Belgique : les opérateurs de jeux trouvent constamment de nouvelles failles pour contourner les règles
Ces dernières années, la Belgique a mis en place l’un de régimes les plus stricts d’Europe en matière de publicité pour les jeux de hasard. Pourtant, les marques de jeux restent bien visibles dans la vie quotidienne de nombreux Belges.
Selon les chercheurs, cela n’a rien d’un hasard.
Dans leur nouveau rapport, des chercheurs de l’Université de Gand (UGent) et de Sciensano affirment que les opérateurs de jeux trouvent continuellement de nouveaux moyens de rester visibles dès que les canaux publicitaires existants sont fermés. Il en résulte un jeu du chat et de la souris entre le législateur et le secteur, au sein duquel les techniques de marketing évoluent souvent plus rapidement que la réglementation ne peut suivre.
Le marketing migre vers de nouveaux canaux
Selon l’étude, la réglementation belge n’a pas fait totalement disparaître la visibilité des opérateurs de jeux.
Les chercheurs soulignent que le marketing des jeux de hasard se déplace de plus en plus des publicités traditionnelles vers des formes de communication hybrides. Les messages commerciaux sont ainsi intégrés à d’autres types de contenus, ce qui rend plus difficile pour les consommateurs de se rendre compte qu’il s’agit de publicité.
De plus, les scientifiques citent le marketing numérique, les réseaux sociaux, le sponsoring sportif et les structures de marque alternatives comme des exemples de canaux qui, selon eux, contribuent toujours à la visibilité des sociétés de jeux.
Le sponsoring sportif reste un point de discorde
Le sponsoring sportif est l’un des exemples les plus discutés dans le rapport.
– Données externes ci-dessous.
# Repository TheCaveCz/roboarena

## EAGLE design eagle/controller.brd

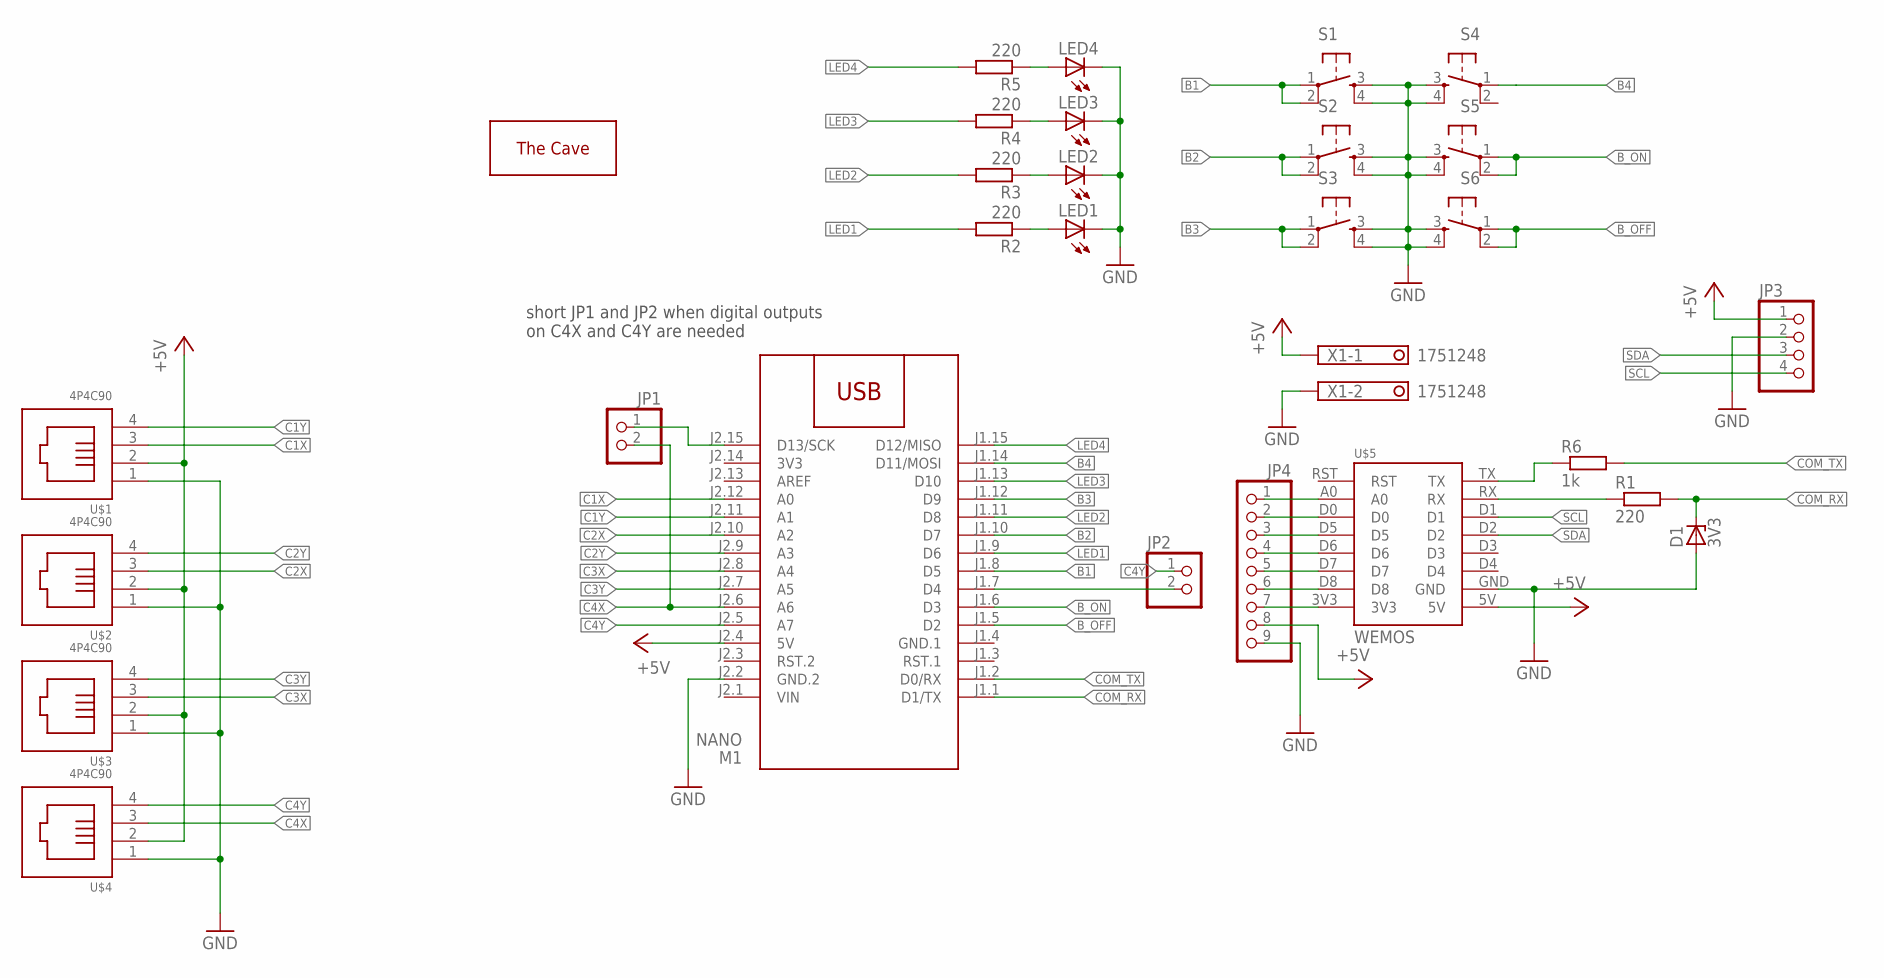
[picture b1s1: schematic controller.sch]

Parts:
D1: 3V3; ZDIO-7.5
JP1, JP2: PINHD-1X2; 1X02
JP3: PINHD-1X4; 1X04
JP4: PINHD-1X9; 1X09
LED1, LED2, LED3, LED4: LED5MM
M1: NANO; ARDUINO-NANO-3.0#NOHOLE
R1: 220; 0207/10
R2, R3, R4, R5: 220; R0805
R6: 1k; 0207/10
S1, S2, S3, S4, S5, S6: TACT-SWITCH-6MM-THT
U$1, U$2, U$3, U$4: 4P4C90; 4P4C-90
U$5: WEMOS
U$6: THECAVE_LOGO_NEW_TOP_SMALL; NEW_LOGO_SMALL_TOP
X1: 1751248

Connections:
3V3: M1.J2.14 (3V3)
+5V: JP3.1, JP4.8, M1.J2.4 (5V), U$1.2, U$2.2, U$3.2, U$4.2, U$5.5V, X1.1
B1: M1.J1.8 (D5), S1.1, S1.2
B2: M1.J1.10 (D7), S2.1, S2.2
B3: M1.J1.12 (D9), S3.1, S3.2
B4: M1.J1.14 (D11/MOSI), S4.1
B_OFF: M1.J1.5 (D2), S6.1, S6.2
B_ON: M1.J1.6 (D3), S5.1, S5.2
C1X: M1.J2.12 (A0), U$1.3
C1Y: M1.J2.11 (A1), U$1.4
C2X: M1.J2.10 (A2), U$2.3
C2Y: M1.J2.9 (A3), U$2.4
C3X: M1.J2.8 (A4), U$3.3
C3Y: M1.J2.7 (A5), U$3.4
C4X: JP1.2, M1.J2.6 (A6), U$4.3
C4Y: JP2.1, M1.J2.5 (A7), U$4.4
COM_RX: D1.C, M1.J1.1 (D1/TX), R1.2
COM_TX: M1.J1.2 (D0/RX), R6.2
GND: D1.A, JP3.2, JP4.9, LED1.K (C), LED2.K (C), LED3.K (C), LED4.K (C), M1.J2.2 (GND.2), S1.3, S1.4, S2.3, S2.4, S3.3, S3.4, S4.3, S4.4, S5.3, S5.4, S6.3, S6.4, U$1.1, U$2.1, U$3.1, U$4.1, U$5.GND, X1.2
GND.1: M1.J1.4 (GND.1)
LED1: M1.J1.9 (D6), R2.2
LED2: M1.J1.11 (D8), R3.2
LED3: M1.J1.13 (D10), R4.2
LED4: M1.J1.15 (D12/MISO), R5.2
unnamed: LED4.A, R5.1
unnamed: R1.1, U$5.RX
unnamed: LED3.A, R4.1
unnamed: LED2.A, R3.1
unnamed: LED1.A, R2.1
unnamed: JP1.1, M1.J2.15 (D13/SCK)
unnamed: JP2.2, M1.J1.7 (D4)
unnamed: JP4.2, U$5.D0
unnamed: JP4.3, U$5.D5
unnamed: JP4.4, U$5.D6
unnamed: JP4.5, U$5.D7
unnamed: JP4.6, U$5.D8
unnamed: JP4.1, U$5.A0
unnamed: R6.1, U$5.TX
unnamed: JP4.7, U$5.3V3
SCL: JP3.4, U$5.D1
SDA: JP3.3, U$5.D2
VIN: M1.J2.1 (VIN)

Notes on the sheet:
short JP1 and JP2 when digital outputs on C4X and C4Y are needed

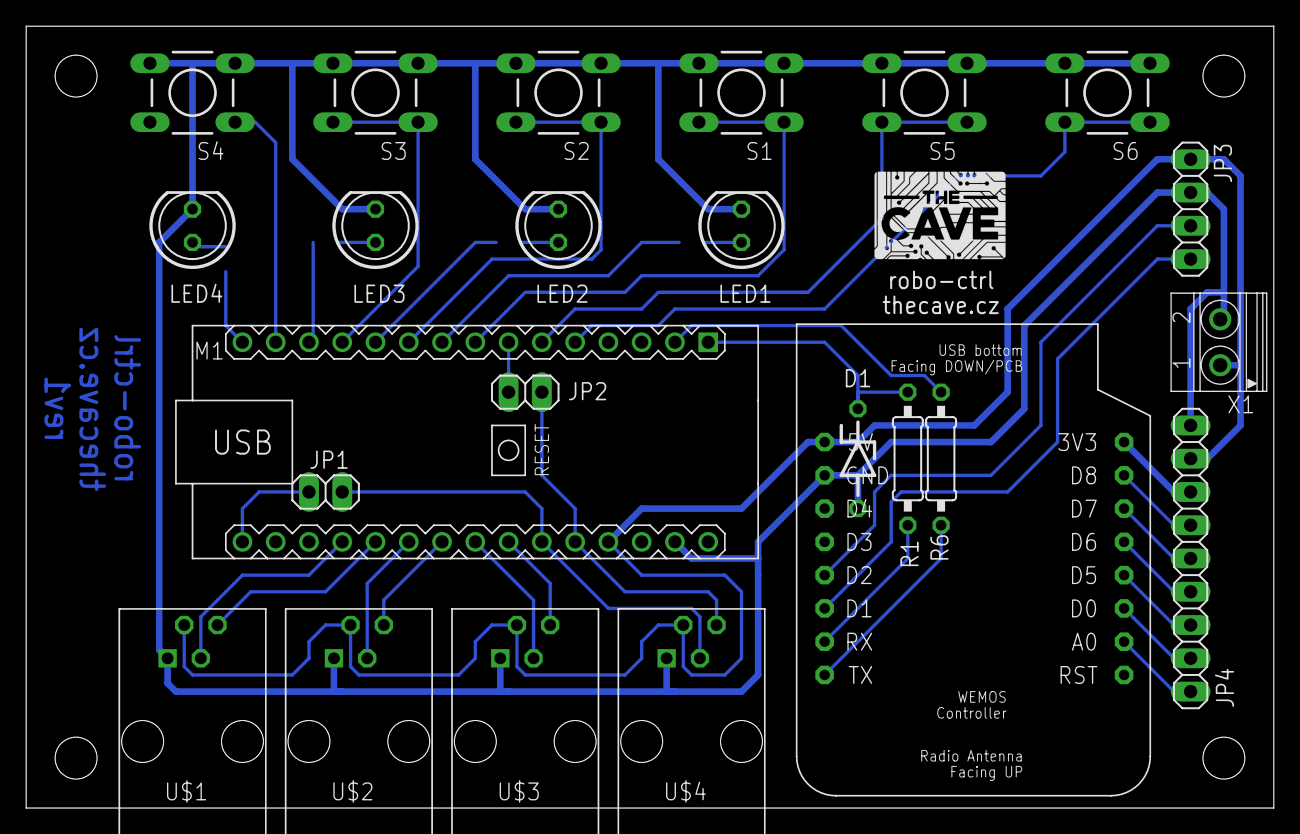
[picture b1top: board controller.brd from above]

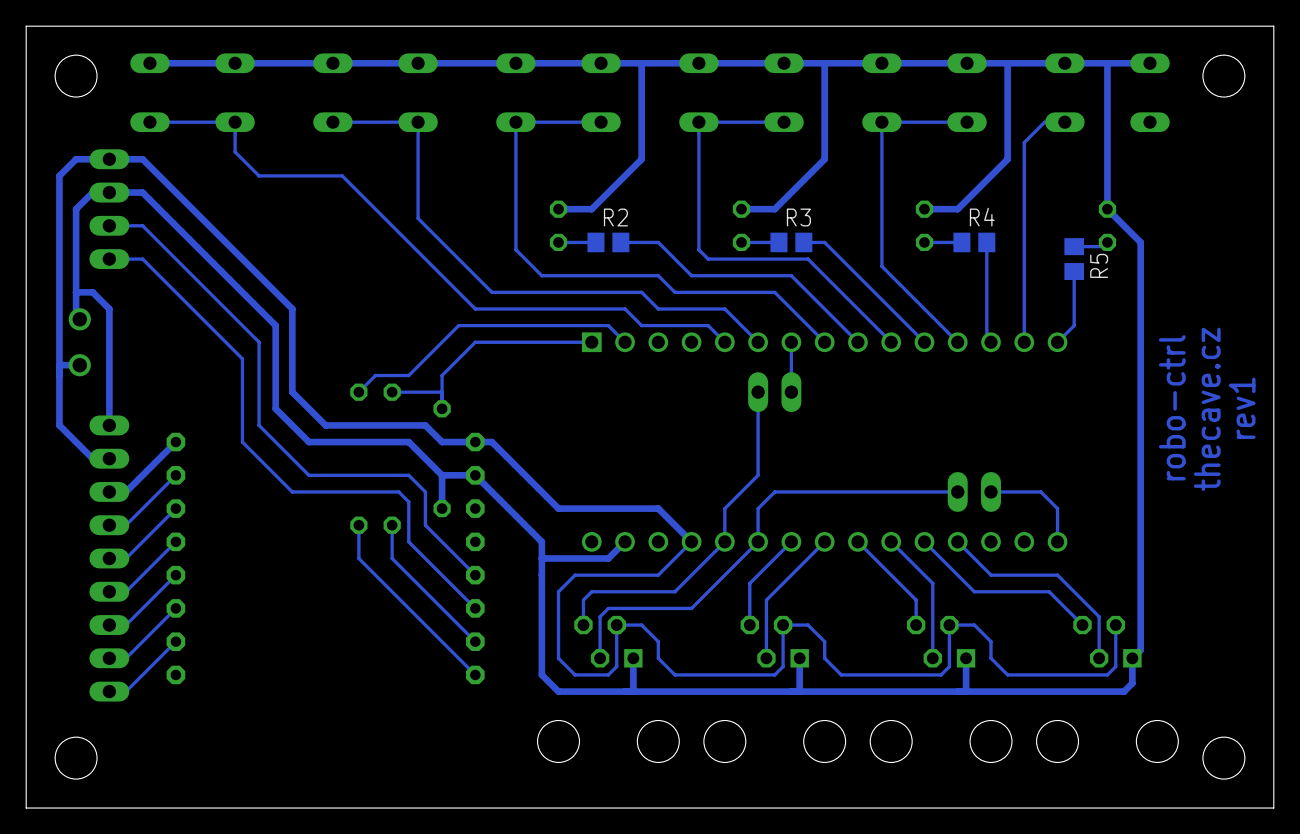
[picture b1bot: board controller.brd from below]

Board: 2 copper layers, 95.2 x 59.7 mm, 29 parts (4 on the bottom side), 39 nets.

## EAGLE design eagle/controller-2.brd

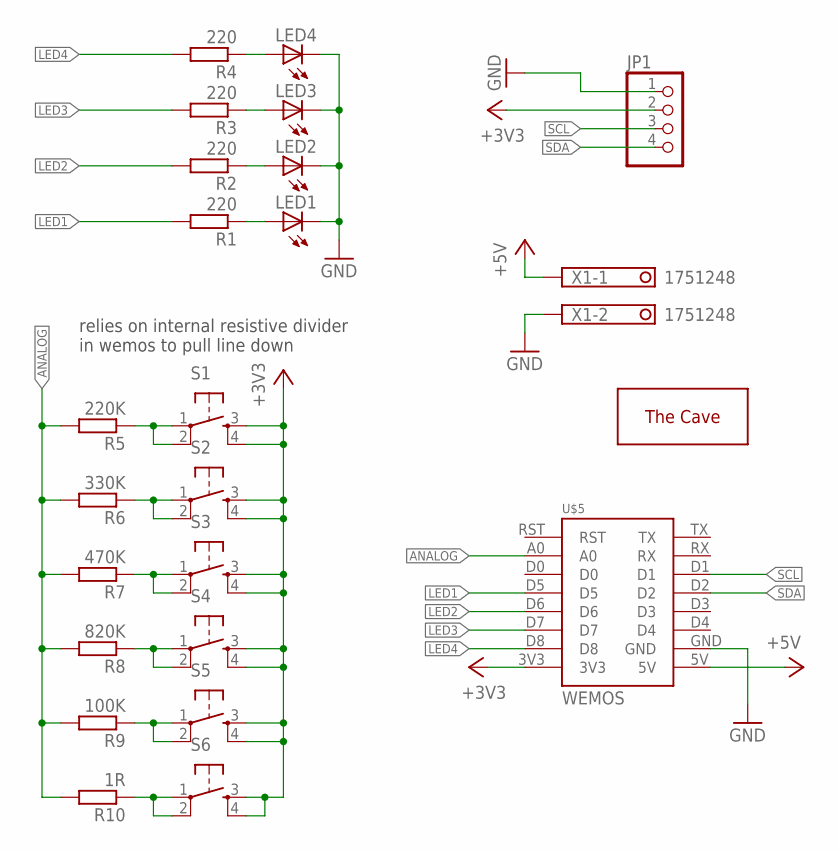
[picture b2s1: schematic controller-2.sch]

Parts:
JP1: PINHD-1X4; 1X04
LED1, LED2, LED3, LED4: LED5MM
R1, R2, R3, R4: 220; R0805
R5: 220K; R0805
R6: 330K; R0805
R7: 470K; R0805
R8: 820K; R0805
R9: 100K; R0805
R10: 1R; R0805
S1, S2, S3, S4, S5, S6: TACT-SWITCH-6MM-THT
U$1: THECAVE_LOGO_NEW_TOP_SMALL; NEW_LOGO_SMALL_TOP
U$5: WEMOS
X1: 1751248

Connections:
+3V3: JP1.2, S1.3, S1.4, S2.3, S2.4, S3.3, S3.4, S4.3, S4.4, S5.3, S5.4, S6.3, S6.4, U$5.3V3
+5V: U$5.5V, X1.1
ANALOG: R5.2, R6.2, R7.2, R8.2, R9.2, R10.2, U$5.A0
GND: JP1.1, LED1.K (C), LED2.K (C), LED3.K (C), LED4.K (C), U$5.GND, X1.2
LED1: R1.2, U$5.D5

Selon les chercheurs, la distinction faite entre les clubs professionnels et amateurs laisse une marge de manœuvre pour déplacer les activités de marketing vers des environnements sportifs moins strictement réglementés. C’est précisément là que de nombreux jeunes entrent en contact avec le sport et les sponsors.
Par ailleurs, les auteurs du rapport évoquent les « marques dérivées ». Selon eux, des plateformes d’information, des marques de médias ou des initiatives sociétales sont utilisées : bien qu’elles ne soient pas présentées directement comme des produits de jeux de hasard, elles restent associées de manière reconnaissable à un opérateur de jeux.
La législation est en retard sur la réalité numérique
Un thème récurrent du rapport est ce que les chercheurs qualifient de « décalage de tempo ».
Selon eux, les produits numériques, les nouvelles formes de marketing et la communication en ligne se développent plus rapidement que le temps nécessaire pour adapter la législation. Par conséquent, de nouvelles failles apparaissent constamment sans être explicitement couvertes par les règles existantes.
D’après les chercheurs, cela explique en partie pourquoi l’exposition à la publicité et au sponsoring des jeux reste visible, malgré le durcissement de la réglementation.
Appel à une approche systémique
Pour remédier à ce problème, les chercheurs préconisent ce qu’ils appellent une « approche systémique ».
Au lieu de réglementer des formes de publicité de manière isolée, ils estiment qu’il faudrait examiner l’ensemble de l’écosystème entourant le marketing des jeux de hasard. Cela englobe non seulement les publicités, mais aussi le sponsoring, les réseaux sociaux, les influenceurs, les marques dérivées et d’autres formes indirectes de visibilité.
Les chercheurs avertissent que les mesures isolées n’ont souvent qu’un effet temporaire.
Lorsque l’on ferme une porte, une nouvelle s’ouvre généralement ailleurs.
C’est précisément pour cette raison qu’ils plaident en faveur d’une approche plus large, qui tienne compte de la rapidité avec laquelle les stratégies de marketing évoluent et les nouvelles failles apparaissent.